Dr. David Dowdy, an infectious disease epidemiologist at Johns Hopkins Bloomberg School of Public Health, agreed that the need for a booster shortly after infection is not pressing, as the added value of a booster shot that soon is “relatively small.”
What about the boosters coming this fall?
Even though the U.S. is expecting a new booster campaign this fall with updated, variant-specific vaccines, several experts encouraged getting a booster now, in light of BA.5, and then again in a few months, when the new vaccines arrive.
“There's this theoretical risk of over-boosting but we've been at this now for two years, we have people having gotten two, three, even four shots — and I think it remains a theoretical risk,” he told ABC News. “I don't think there's any strong evidence that is true.”
Durbin said she thinks people who get a booster now would also have enough of an interval between shots for another booster this fall or winter to still have a strong impact.
“Because it's July now, there's enough of a window between that booster and then the Omicron-specific booster that you should get a really good benefit from that in the fall,” she said.
If health agencies recommend a booster for younger people, should they get one?
For younger people, if the FDA and CDC decide to open up eligibility for second booster shots, experts agreed that it would be worth it to re-up protection in certain cases.
“I would say the benefit outweighs the risk, certainly,” Durbin said.

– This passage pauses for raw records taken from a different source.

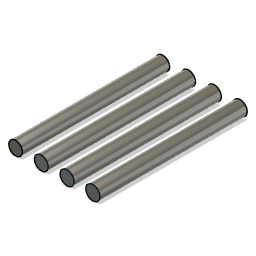
Hinge+Rods (Autodesk Fusion 360 design; units mm, degrees)
Autodesk Fusion 360 part; units mm, degrees
sketch "Sketch1" plane through (0, 0, 0) normal (0, 0, 1) x (1, 0, 0)
  circle A0 centre (0, 0) radius 3.175
  dimension "d1" = 6.35
  constraint coincident A0.centre origin
  measures "d1" diameter of A0
extrude "Extrude1" add sketch "Sketch1" along normal blind 101.6 makes body 1
copy_body "CopyPasteBodies1" bodies 1 makes body 2
move_body "Move1" bodies 2 to x (1, 0, 0) y (0, 1, 0) z (0, 0, 1) at (17.78, 0, 0)
copy_body "CopyPasteBodies2" bodies 2 1 makes body 3 makes body 4
move_body "Move2" bodies 3 4 to x (1, 0, 0) y (0, 1, 0) z (0, 0, 1) at (35.56, 0, 0)
move_face "OffsetFaces1" offset 1.524 1 faces at (3.1592, -0.3161, 67.7333) on bodies 1
move_face "OffsetFaces2" offset 1.5875 1 faces at (20.9392, -0.3161, 67.7333) on bodies 2
move_face "OffsetFaces3" offset 1.651 1 faces at (38.7192, -0.3161, 67.7333) on bodies 4
move_face "OffsetFaces4" offset 1.7145 1 faces at (56.4992, -0.3161, 67.7333) on bodies 3
sketch "Sketch2" plane through (0, 0, 101.6) normal (0, 0, 1) x (1, 0, 0)
  circle A0 centre (53.34, 0) radius 4.8895
sketch "Sketch3" plane through (0, 0, 101.6) normal (0, 0, 1) x (1, 0, 0)
  circle A0 centre (35.56, 0) radius 4.826
sketch "Sketch4" plane through (0, 0, 101.6) normal (0, 0, 1) x (1, 0, 0)
  circle A0 centre (17.78, 0) radius 4.7625
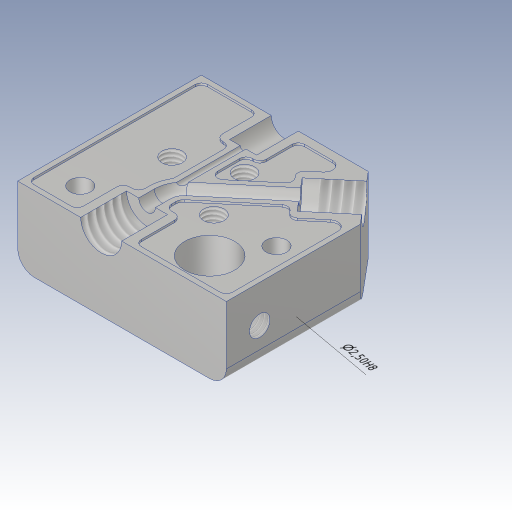
# Autodesk Inventor part: BT001_huenin20_23
Saved by Autodesk Inventor 2023.3 (Build 273359000, 359)
## iProperties
Company: HTBLA Kaindorf
RuleStatus: InUse
Created: 2023-05-23
Part Number: BT001_huenin20_23
Project: Fiberprinter-Hotend
Material: Aluminium
Description: Heizblock_Seite1
Document SubType Name: Modeling
Designer: huenin20
Density: 2.7 g/cm^3
Appearance: Aluminium - flach
Mass: 10.9063 g
Surface Area: 24.2904 cm^2
Volume: 4.03936 cm^3
AfterDocNew0: iProperties-Editor_aufrufen
Author: nicob
Keywords: 2023
Autodesk Inventor part; units mm, degrees
ref_plane "YZ Plane" through (0, 0, 0) normal (1, 0, 0) x (0, 1, 0)
ref_plane "XZ Plane" through (0, 0, 0) normal (0, 1, 0) x (-1, 0, 0)
ref_plane "XY Plane" through (0, 0, 0) normal (0, 0, 1) x (1, 0, 0)
sketch "Skizze3" plane through (0, 0, 0) normal (0, 0, 1) x (1, 0, 0)
  line L0 (0, 0) -> (-22, 0)
  line L1 (-16.0412, 25) -> (0, 25)
  line L2 (0, 25) -> (0, 0)
  circle A0 centre (-4, 19) radius 3
  line L3 (-22, 20) -> (-16.0412, 25)
  line L4 (-22, 20) -> (-22, 0)
  line L5 (-19.0206, 22.5) -> (-9.2812, 10.893)
  arc A1 (-9.2812, 10.893) -> (-7.3661, 10) centre (-7.3661, 12.5) ccw
  line L6 (-7.3661, 10) -> (0, 10)
  dimension "d115" = 6
  dimension "d116" = 6
  dimension "d117" = 4
  dimension "d234" = 130
  dimension "d236" = 25
  dimension "d237" = 22
  dimension "d238" = 2.5
  dimension "d306" = 15
  dimension "d325" = 20
  constraints: 15 end point, 2 centre point, 2 perpendicular, 2 point on circle, 2 tangent, 1 horizontal, 1 midpoint, 1 parallel, 1 point on line
  measures "d115" diameter of A0
  measures "d116" distance from line of L1 A0.centre
  measures "d117" distance from line of L2 A0.centre
  measures "d234" angle of L4 L3
  measures "d236" distance between parallel lines of L1 L0
  measures "d237" distance between parallel lines of L2 L4
  measures "d238" radius of A1
  measures "d306" distance between parallel lines of L1 L6
  measures "d325" distance of L3.start L0.end
extrude "Extrusion11" add sketch "Skizze3" against normal blind 9
sketch "Skizze19" plane through (-22, 20, -9) normal (-0.6427876, 0.7660444, 0) x (0.7660444, 0.6427876, 0)
  circle A0 centre (3.8893, -9) radius 1
  point P0 (3.9972, -9)
  dimension "d241" = 2
  constraints: 1 centre point, 1 coincident
  measures "d241" diameter of A0
sweep "Sweeping4" cut profiles "Skizze19" path "Skizze3" path curves L5 A1 L6
hole "Bohrung17" at (-19.0206, 22.5, 0) direction (0.6427876, -0.7660444, 0) diameter 4.917 depth 5.5
sketch "Skizze20" plane through (0, 0, -9) normal (1, 0, 0) x (0, 0, -1)
  arc A0 (-9, 9) -> (-9, 11) centre (-9, 10) ccw projected
  point P0 (-9, 0)
hole "Bohrung18" at (0, 10, 0) direction (-1, 0, 0) diameter 4.917 depth 5.5
hole "Bohrung27" at (0, 10, 0) direction (-1, 0, 0) diameter 0.7 depth 11
sketch "Skizze21" plane through (-22, 0, 0) normal (-1, 0, 0) x (0, 0, 1)
  arc A0 (0, 11) -> (0, 9) centre (0, 10) ccw projected
  line L0 (0, 20) -> (0, 0) projected
  line L1 (0, 10.35) -> (-0.35, 10)
  line L2 (-0.35, 10) -> (0, 9.65)
  line L3 (0, 9.65) -> (0, 10.35) projected
  arc A1 (0, 10.35) -> (0, 9.65) centre (0, 10) ccw projected
  point P0 (0, 10)
  point P1 (-0.35, 10)
  point P2 (-0.35, 10)
  point P3 (0, 9.65)
  dimension "d345" = 45
  dimension "d347" = 0.7
  constraints: 4 end point, 2 point on line, 1 horizontal alignment, 1 midpoint, 1 perpendicular
  measures "d345" angle of L0 L2
  measures "d347" distance of L1.start L2.end
hole "Bohrung20" at (-22, 10, 0) direction (1, 0, 0) diameter 3.242 depth 5
sketch "Skizze22" plane through (0, 0, 0) normal (0, 0, 1) x (1, 0, 0)
  line L0 (0, 7.5415) -> (-5.5, 7.5415) projected
  line L1 (0, 12.4585) -> (0, 7.5415) projected
  line L2 (-5.5, 12.4585) -> (0, 12.4585) projected
  line L3 (-5.5, 7.5415) -> (-5.5, 12.4585) projected
  line L4 (-5.5, 10) -> (-7.3661, 10)
  line L5 (-7.3661, 9) -> (-7.3661, 11) projected
  line L6 (-6, 10) -> (-6, 11.5)
  line L7 (-6, 11.5) -> (-7, 11.5)
  line L8 (-7, 11.5) -> (-7, 10)
  point P0 (0, 0)
  dimension "d273" = 1
  dimension "d274" = 0.5
  dimension "d275" = 3
  constraints: 8 end point, 2 midpoint, 2 perpendicular, 2 point on line, 1 vertical
  measures "d273" distance of L6.end L7.end
  measures "d274" distance between parallel lines of L3 L6
  measures "d275" diameter of L7 L4
revolve "Umdrehung2" [suppressed]
sketch "Skizze23" plane through (0, 25, -9) normal (0, 1, 0) x (0, 0, -1)
  line L0 (0, 7) -> (0, 1) projected
  line L1 (-9, 1) -> (-9, 7) projected
  line L2 (-9, 0) -> (0, 0) projected
  point P0 (-4.5, 4)
  point P1 (-9, 4)
  point P2 (-4.5, 0)
  constraints: 2 midpoint, 1 horizontal alignment, 1 vertical alignment
hole "Bohrung28" at (-4, 25, -4.5) direction (0, -1, 0) diameter 2.459 depth 6 tip angle 118
sketch "Skizze24" plane through (0, 0, 0) normal (0, 0, 1) x (1, 0, 0)
  line L0 (-7.3661, 11) -> (-5.5, 11) projected
  line L1 (-5.5, 11) -> (-5.5, 12.4585) projected
  line L2 (-5.5, 12.4585) -> (0, 12.4585) projected
  line L3 (0, 12.4585) -> (0, 25) projected
  line L4 (0, 25) -> (-16.0412, 25) projected
  circle A0 centre (-4, 19) radius 3 projected
  line L5 (-16.0412, 25) -> (-17.1373, 24.0803) projected
  line L6 (-17.1373, 24.0803) -> (-13.602, 19.867) projected
  line L7 (-13.602, 19.867) -> (-14.7192, 18.9295) projected
  line L8 (-14.7192, 18.9295) -> (-8.5152, 11.5358) projected
  arc A1 (-8.5152, 11.5358) -> (-7.3661, 11) centre (-7.3661, 12.5) ccw projected
  line L9 (-5.5, 9) -> (-7.3661, 9) projected
  arc A2 (-9.3977, 9.65) -> (-7.3661, 9) centre (-7.3661, 12.5) ccw projected
  line L10 (-10.131, 10.35) -> (-16.2513, 17.644) projected
  line L11 (-16.2513, 17.644) -> (-17.3686, 16.7065) projected
  line L12 (-17.3686, 16.7065) -> (-20.9039, 20.9197) projected
  line L13 (-20.9039, 20.9197) -> (-22, 20) projected
  line L14 (-22, 20) -> (-22, 11.621) projected
  line L15 (-22, 11.621) -> (-17, 11.621) projected
  line L16 (-17, 11.621) -> (-17, 8.379) projected
  line L17 (-17, 8.379) -> (-22, 8.379) projected
  line L18 (-22, 8.379) -> (-22, 0) projected
  line L19 (-22, 0) -> (0, 0) projected
  line L20 (0, 0) -> (0, 7.5415) projected
  line L21 (0, 7.5415) -> (-5.5, 7.5415) projected
  line L22 (-5.5, 7.5415) -> (-5.5, 9) projected
  line L23 (-9.3977, 9.65) -> (-11, 9.65) projected
  line L24 (-11, 9.65) -> (-11, 10.35) projected
  line L25 (-11, 10.35) -> (-10.131, 10.35) projected
  point P0 (-14.7, 12.48)
  point P1 (-9, 22)
  point P2 (-8.5, 15)
  point P3 (-12, 6.5)
  point P4 (-3.5, 4)
  dimension "d343" = 7.3
  dimension "d344" = 13
  dimension "d357" = 6.5
  dimension "d358" = 10
  dimension "d359" = 4
  dimension "d360" = 3.5
  dimension "d381" = 12.48
  dimension "d382" = 3
  dimension "d383" = 10
  dimension "d384" = 8.5
  measures "d343" distance from line of L14 point (-14.7, 12.48)
  measures "d344" distance from line of L14 point (-9, 22)
  measures "d357" distance from line of L19 point (-12, 6.5)
  measures "d358" distance from line of L18 point (-12, 6.5)
  measures "d359" distance from line of L19 point (-3.5, 4)
  measures "d360" distance from line of L20 point (-3.5, 4)
  measures "d381" distance from line of L19 point (-14.7, 12.48)
  measures "d382" distance from line of L4 point (-9, 22)
  measures "d383" distance from line of L4 point (-8.5, 15)
  measures "d384" distance from line of L3 point (-8.5, 15)
hole "Bohrung23" at (-9, 22, 0) at (-3.5, 4, 0) direction (0, 0, -1) diameter 2.5 end through all
fillet "Rundung5" radius 2 2 edges at (-11, 0, -9) (-8.0206, 25, -9)
hole "Bohrung24" at (-8.5, 15, 0) at (-12, 6.5, 0) at (-14.7, 12.48, 0) direction (0, 0, -1) diameter 2.459 end through all
sketch "Skizze25" plane through (-22, 20, -9) normal (-1, 0, 0) x (0, 0, 1)
  arc A0 (0, -18) -> (2, -20) centre (2, -18) ccw projected
  line L0 (9, -20) -> (2, -20) projected
  line L1 (9, -11.621) -> (9, -20) projected
  arc A1 (9, -8.379) -> (9, -11.621) centre (9, -10) ccw projected
  line L2 (9, 0) -> (9, -8.379) projected
  line L3 (9, 0) -> (0, 0) projected
  line L4 (0, -18) -> (0, 0) projected
  line L5 (2.5, -16) -> (2.5, -4) construction
  point P0 (9, -20)
  point P1 (2.5, -10)
  point P2 (2.5, -10)
  dimension "d326" = 4
  dimension "d327" = 4
  dimension "d328" = 2.5
  dimension "d361" = 0
  constraints: 2 coincident, 2 end point, 1 midpoint, 1 vertical, 1 vertical alignment
  measures "d326" distance from line of L0 L5.start
  measures "d327" distance from line of L3 point (2.5, -4)
  measures "d328" distance from line of L4 point (2.5, -4)
  measures "d361" distance from line of L5 point (2.5, -10)
hole "Bohrung25" at (-22, 4, -6.5) at (-22, 16, -6.5) direction (1, 0, 0) diameter 2.5 depth 3.5
hole "Bohrung26" at (-22, 10, -6.5) direction (1, 0, 0) diameter 1.567 depth 4 tip angle 118
extrude "Extrusion12" cut sketch "Skizze21" against normal blind 15 contours L0 L2 L1 | L1 A1 | A1 L2
sketch "Skizze27" plane through (0, 0, 0) normal (0, 0, 1) x (1, 0, 0)
  line L0 (-5.5, 11) -> (-5.5, 12.4585) projected
  line L1 (-5.5, 12.4585) -> (0, 12.4585) projected
  line L2 (0, 12.4585) -> (0, 25) projected
  line L3 (0, 25) -> (-16.0412, 25) projected
  line L4 (-16.0412, 25) -> (-17.1373, 24.0803) projected
  line L5 (-17.1373, 24.0803) -> (-13.602, 19.867) projected
  line L6 (-13.602, 19.867) -> (-14.7192, 18.9295) projected
  line L7 (-14.7192, 18.9295) -> (-8.5152, 11.5358) projected
  arc A0 (-8.5152, 11.5358) -> (-7.3661, 11) centre (-7.3661, 12.5) ccw projected
  line L8 (-7.3661, 11) -> (-5.5, 11) projected
  line L9 (-9.3977, 9.65) -> (-17, 9.65) projected
  line L10 (-17, 9.65) -> (-17, 8.379) projected
  line L11 (-17, 8.379) -> (-22, 8.379) projected
  line L12 (-22, 8.379) -> (-22, 0) projected
  line L13 (-22, 0) -> (0, 0) projected
  line L14 (0, 0) -> (0, 7.5415) projected
  line L15 (0, 7.5415) -> (-5.5, 7.5415) projected
  line L16 (-5.5, 7.5415) -> (-5.5, 9) projected
  line L17 (-5.5, 9) -> (-7.3661, 9) projected
  arc A1 (-9.3977, 9.65) -> (-7.3661, 9) centre (-7.3661, 12.5) ccw projected
  line L18 (-17, 10.35) -> (-10.131, 10.35) projected
  line L19 (-10.131, 10.35) -> (-16.2513, 17.644) projected
  line L20 (-16.2513, 17.644) -> (-17.3686, 16.7065) projected
  line L21 (-17.3686, 16.7065) -> (-20.9039, 20.9197) projected
  line L22 (-20.9039, 20.9197) -> (-22, 20) projected
  line L23 (-22, 20) -> (-22, 11.621) projected
  line L24 (-22, 11.621) -> (-17, 11.621) projected
  line L25 (-17, 11.621) -> (-17, 10.35) projected
  circle A2 centre (-14.7, 12.48) radius 1.2295 projected
  line L26 (-20.65, 7.379) -> (-17.15, 7.379)
  line L27 (-16.4, 8.129) -> (-16.4, 8.3)
  line L28 (-15.65, 9.05) -> (-9.7915, 9.05)
  arc A3 (-9.4164, 8.9495) -> (-7.3661, 8.4) centre (-7.3661, 12.5) ccw
  line L29 (-7.3661, 8.4) -> (-6.85, 8.4)
  line L30 (-6.1, 7.65) -> (-6.1, 7.2915)
  line L31 (-5.35, 6.5415) -> (-1.35, 6.5415)
  line L32 (-0.6, 5.7915) -> (-0.6, 1.35)
  line L33 (-1.35, 0.6) -> (-20.65, 0.6)
  line L34 (-21.4, 1.35) -> (-21.4, 6.629)
  line L35 (-21, 13.371) -> (-21, 19.5337)
  line L36 (-21, 19.5337) -> (-21.0272, 19.5109)
  line L37 (-21.0272, 19.5109) -> (-18.2311, 16.1786)
  line L38 (-17.1744, 16.0861) -> (-16.8998, 16.3166)
  line L39 (-15.8432, 16.2241) -> (-12.4515, 12.1821)
  line L40 (-13.026, 10.95) -> (-15.65, 10.95)
  line L41 (-16.4, 11.7) -> (-16.4, 11.871)
  line L42 (-17.15, 12.621) -> (-20.25, 12.621)
  line L43 (-8.0555, 11.9215) -> (-13.3918, 18.2811)
  line L44 (-13.2994, 19.3377) -> (-13.0248, 19.5681)
  line L45 (-12.9323, 20.6247) -> (-15.9856, 24.2635)
  line L46 (-15.9856, 24.2635) -> (-15.8228, 24.4)
  line L47 (-15.8228, 24.4) -> (-1.35, 24.4)
  line L48 (-0.6, 23.65) -> (-0.6, 14.2085)
  line L49 (-1.35, 13.4585) -> (-5.35, 13.4585)
  line L50 (-6.1, 12.7085) -> (-6.1, 12.35)
  line L51 (-6.85, 11.6) -> (-7.3661, 11.6)
  arc A4 (-8.0555, 11.9215) -> (-7.3661, 11.6) centre (-7.3661, 12.5) ccw
  arc A5 (-19.234, 17.3738) -> (-21, 16.731) centre (-20, 16.731) ccw
  arc A6 (-13.9556, 24.4) -> (-14.7217, 22.7572) centre (-13.9556, 23.4) ccw
  arc A7 (-16.4, 11.7) -> (-15.65, 10.95) centre (-15.65, 11.7) ccw
  arc A8 (-13.026, 10.95) -> (-12.4515, 12.1821) centre (-13.026, 11.7) ccw
  arc A9 (-15.8432, 16.2241) -> (-16.8998, 16.3166) centre (-16.4177, 15.742) ccw
  arc A10 (-21, 13.371) -> (-20.25, 12.621) centre (-20.25, 13.371) ccw
  arc A11 (-13.2994, 19.3377) -> (-13.3918, 18.2811) centre (-12.8173, 18.7631) ccw
  arc A12 (-6.85, 11.6) -> (-6.1, 12.35) centre (-6.85, 12.35) ccw
  arc A13 (-1.35, 13.4585) -> (-0.6, 14.2085) centre (-1.35, 14.2085) ccw
  arc A14 (-0.6, 23.65) -> (-1.35, 24.4) centre (-1.35, 23.65) ccw
  arc A15 (-6.1, 7.65) -> (-6.85, 8.4) centre (-6.85, 7.65) ccw
  arc A16 (-9.4164, 8.9495) -> (-9.7915, 9.05) centre (-9.7915, 8.3) ccw
  arc A17 (-15.65, 9.05) -> (-16.4, 8.3) centre (-15.65, 8.3) ccw
  arc A18 (-20.65, 7.379) -> (-21.4, 6.629) centre (-20.65, 6.629) ccw
  arc A19 (-21.4, 1.35) -> (-20.65, 0.6) centre (-20.65, 1.35) ccw
  arc A20 (-1.35, 0.6) -> (-0.6, 1.35) centre (-1.35, 1.35) ccw
  arc A21 (-0.6, 5.7915) -> (-1.35, 6.5415) centre (-1.35, 5.7915) ccw
  arc A22 (-6.1, 7.2915) -> (-5.35, 6.5415) centre (-5.35, 7.2915) ccw
  arc A23 (-17.15, 7.379) -> (-16.4, 8.129) centre (-17.15, 8.129) ccw
  arc A24 (-16.4, 11.871) -> (-17.15, 12.621) centre (-17.15, 11.871) ccw
  arc A25 (-18.2311, 16.1786) -> (-17.1744, 16.0861) centre (-17.6565, 16.6607) ccw
  arc A26 (-13.0248, 19.5681) -> (-12.9323, 20.6247) centre (-13.5069, 20.1427) ccw
  arc A27 (-5.35, 13.4585) -> (-6.1, 12.7085) centre (-5.35, 12.7085) ccw
  point P0 (-9.5814, 9.05)
  dimension "d400" = 0.6
  dimension "d401" = 0.6
  dimension "d402" = 1
  dimension "d403" = 1
  dimension "d404" = 1
  dimension "d405" = 0.6
  dimension "d406" = 0.6
  dimension "d407" = 0.6
  dimension "d408" = 0.6
  dimension "d409" = 1
  dimension "d410" = 1
  dimension "d411" = 1
  dimension "d412" = 1
  dimension "d413" = 1
  dimension "d414" = 0.75
  constraints: 52 end point, 51 point on circle, 46 tangent, 27 centre point, 20 equal radius, 5 point on line, 16 other
  measures "d400" distance between parallel lines of L13 L33
  measures "d401" distance between parallel lines of L18 L40
  measures "d402" distance between parallel lines of L24 L42
  measures "d403" distance between parallel lines of L21 L37
  measures "d404" distance between parallel lines of L11 L26
  measures "d405" distance between parallel lines of L9 L28
  measures "d406" distance between parallel lines of L3 L47
  measures "d407" distance between parallel lines of L7 L43
  measures "d408" distance between parallel lines of L8 L51
  measures "d409" distance between parallel lines of L5 L45
  measures "d410" distance between parallel lines of L1 L49
  measures "d411" distance between parallel lines of L15 L31
  measures "d412" radius of A6
  measures "d413" radius of A5
  measures "d414" radius of A7
extrude "Extrusion14" cut sketch "Skizze27" against normal blind 0.25 contours L26 A23 L27 A17 L28 A16 A3 L29 A15 L30 A22 L31 A21 L32 A20 L33 A19 L34 A18 | L35 A5 L37 A25 L38 A9 L39 A8 L40 A7 L41 A24 L42 A10 | L43 A11 L44 A26 L45 A6 L47 A14 L48 A13 L49 A27 L50 A12 L51 A4
equation "\"Heizpatronen_durchmesser\" = 6"
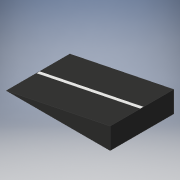
# Autodesk Inventor part: Ramp
Saved by Autodesk Inventor 2017 (Build 210142000, 142)
## iProperties
Created: 2017-04-14
Part Number: Ramp
Material: Generic
Document SubType Name: Modeling
Designer: Alex Tacescu
Density: 1 g/cm^3
Appearance: Rubber - Black
Author: Alex Tacescu
Autodesk Inventor part; units mm, degrees
ref_plane "YZ Plane" through (0, 0, 0) normal (1, 0, 0) x (0, 1, 0)
ref_plane "XZ Plane" through (0, 0, 0) normal (0, 1, 0) x (-1, 0, 0)
ref_plane "XY Plane" through (0, 0, 0) normal (0, 0, 1) x (1, 0, 0)
sketch "Sketch1" plane through (0, 0, 0) normal (0, 0, 1) x (1, 0, 0)
  line L0 (0, 0) -> (746.6045, 152.4)
  line L1 (0, 182.88) -> (0, -30.48) projected
  line L2 (-149.3209, 0) -> (895.9254, 0) projected
  line L3 (746.6045, 152.4) -> (746.6045, 0)
  line L4 (0, 0) -> (746.6045, 0)
  dimension "d0" = 152.4
  dimension "d1" = 762
  constraints: 6 end point, 1 perpendicular, 1 point on line, 1 vertical
  measures "d0" distance of L0.end L3.end
  measures "d1" distance of L0.start L0.end
extrude "Extrusion1" add sketch "Sketch1" along normal mid plane 457.2
sketch "Sketch4" plane through (0, 0, 228.6) normal (-0.2, 0.9798, 0) x (0.9798, 0.2, 0)
  line L0 (914.4, 228.6) -> (-152.4, 228.6) projected
  line L1 (762, 215.9) -> (0, 215.9)
  line L2 (0, 215.9) -> (0, 241.3)
  line L3 (0, 241.3) -> (762, 241.3)
  line L4 (762, 241.3) -> (762, 215.9)
  line L5 (762, 215.9) -> (0, 241.3) construction
  line L6 (0, 215.9) -> (762, 241.3) construction
  line L7 (0, 0) -> (0, 457.2) projected
  line L8 (762, 0) -> (0, 0) projected
  line L9 (762, 457.2) -> (762, 0) projected
  line L10 (0, 457.2) -> (762, 457.2) projected
  line L11 (762, 457.2) -> (762, 0) projected
  line L12 (0, 0) -> (0, 457.2) projected
  point P0 (0, 228.6)
  point P1 (381, 228.6)
  dimension "d6" = 25.4
  constraints: 12 end point, 3 midpoint, 2 collinear, 2 parallel, 1 horizontal, 1 perpendicular
  measures "d6" distance between parallel lines of L1 L3
extrude "Extrusion2" add sketch "Sketch4" along normal blind 0.254 contours L4 L1 L2 L0 | L0 L2 L3 L4
body "Solid1"
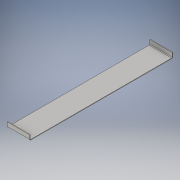
# Autodesk Inventor part: Side Gurad
Saved by Autodesk Inventor 2016 (Build 200138000, 138)
## iProperties
Created: 2018-05-16
Part Number: Side Gurad
Material: Generic
Document SubType Name: Sheet Metal
Designer: Kade
Density: 1 g/cm^3
Sheet Metal Rule: Default
Appearance: Default
Mass: 252.213 g
Surface Area: 1644.11 cm^2
Volume: 252.213 cm^3
Author: Kade
Autodesk Inventor part; units mm, degrees
ref_plane "YZ Plane" through (0, 0, 0) normal (1, 0, 0) x (0, 1, 0)
ref_plane "XZ Plane" through (0, 0, 0) normal (0, 1, 0) x (-1, 0, 0)
ref_plane "XY Plane" through (0, 0, 0) normal (0, 0, 1) x (1, 0, 0)
sketch "Sketch1" plane through (0, 0, 0) normal (0, 1, 0) x (-1, 0, 0)
  line L0 (-56.1975, 358.902) -> (56.1975, 358.902)
  line L1 (56.1975, 358.902) -> (56.1975, -358.902)
  line L2 (56.1975, -358.902) -> (-56.1975, -358.902)
  line L3 (-56.1975, -358.902) -> (-56.1975, 358.902)
  line L4 (-56.1975, 358.902) -> (56.1975, -358.902) construction
  line L5 (56.1975, 358.902) -> (-56.1975, -358.902) construction
  point P0 (0, 0)
  dimension "d0" = 112.395
  dimension "d1" = 717.804
  measures "d0" distance of L1.end L2.end
  measures "d1" distance of L0.end L1.end
extrude "Plate1" add sketch "Sketch1" along normal blind 3.048
sketch "Sketch2" plane through (56.1975, 0, 355.854) normal (0, 0, 1) x (1, 0, 0)
  line L0 (-112.395, 0) -> (0, 0)
  line L1 (0, 0) -> (0, 25.4)
  line L2 (0, 25.4) -> (-112.395, 25.4)
  line L3 (-112.395, 25.4) -> (-112.395, 0)
  constraints: 6 end point, 1 horizontal, 1 perpendicular, 1 vertical
edge flange "Flange1" height 25.4 angle 90 thickness 3.048 bend radius 3.048 thickness toward (0, 0, 1) relief straight relief width 3.048 relief depth 1.524 corner gap 3.048 corner form 0 edges at (0, 3.048, 358.902) (0, 3.048, -358.902) wall of the first edge with corners at (-56.1975, 0, 355.854) (56.1975, 0, 355.854) (56.1975, 25.4, 355.854) (-56.1975, 25.4, 355.854)
bend "Bend1"
corner "Corner1"
equation "\"d5\" = BendReliefWidth"
equation "\"d6\" = BendReliefDepth"
equation "\"d7\" = MinimumRemnant"
equation "\"d8\" = BendRadius"
equation "\"d11\" = BendRadius"
equation "\"d12\" = CornerReliefSize"
equation "\"d13\" = GapSize"
equation "\"d14\" = JacobiRadiusSize"
equation "\"BendRadius\" = Thickness"
equation "\"BendReliefWidth\" = Thickness"
equation "\"BendReliefDepth\" = 0.5 * Thickness"
equation "\"CornerReliefSize\" = 4 * Thickness"
equation "\"MinimumRemnant\" = 2 * Thickness"
equation "\"TransitionRadius\" = BendRadius"
equation "\"JacobiRadiusSize\" = Thickness"
equation "\"GapSize\" = Thickness"
equation "\"d4\" = BendRadius"
equation "\"Thickness\" = 3.048"
body "Solid2"

It won’t eliminate the chance of getting COVID, though, and people shouldn’t expect it to because of how fast the virus has evolved since the original vaccines were created.
“We have to really be careful in our messaging and manage people's expectations, otherwise they're not going to want to get boosters in the fall that are more specific for Omicron and may prevent infection far better than the current vaccine does,” Durbin said.
That said, other experts were more conservative in their recommendations for young people.
“While the benefits of vaccination certainly outweigh the risks, I'm not sure that it's more urgent now than before to get younger people yet another booster,” said Dowdy.
“If anything, hospitalizations in the BA.5 era are increasingly among people 70 and older, so the focus on people under 50 isn't really following what we see in the data.”
And particularly for young people who have recently had COVID, Wachter, too, said it would be reasonable to wait until the fall.
“I'd say for a truly low-risk person, a healthy young person with three shots and gets COVID now, then I'd be on the fence and I probably wait until the fall,” Wachter said.
Creech added that although some younger Americans may feel hesitant to get the booster now and in the fall, most people will understand the continued threat of COVID-19 and the need to maintain protection.
“I think people recognize that a new COVID variant seems to always be lurking around the corner and vaccines are the best prevention we have,” Creech said.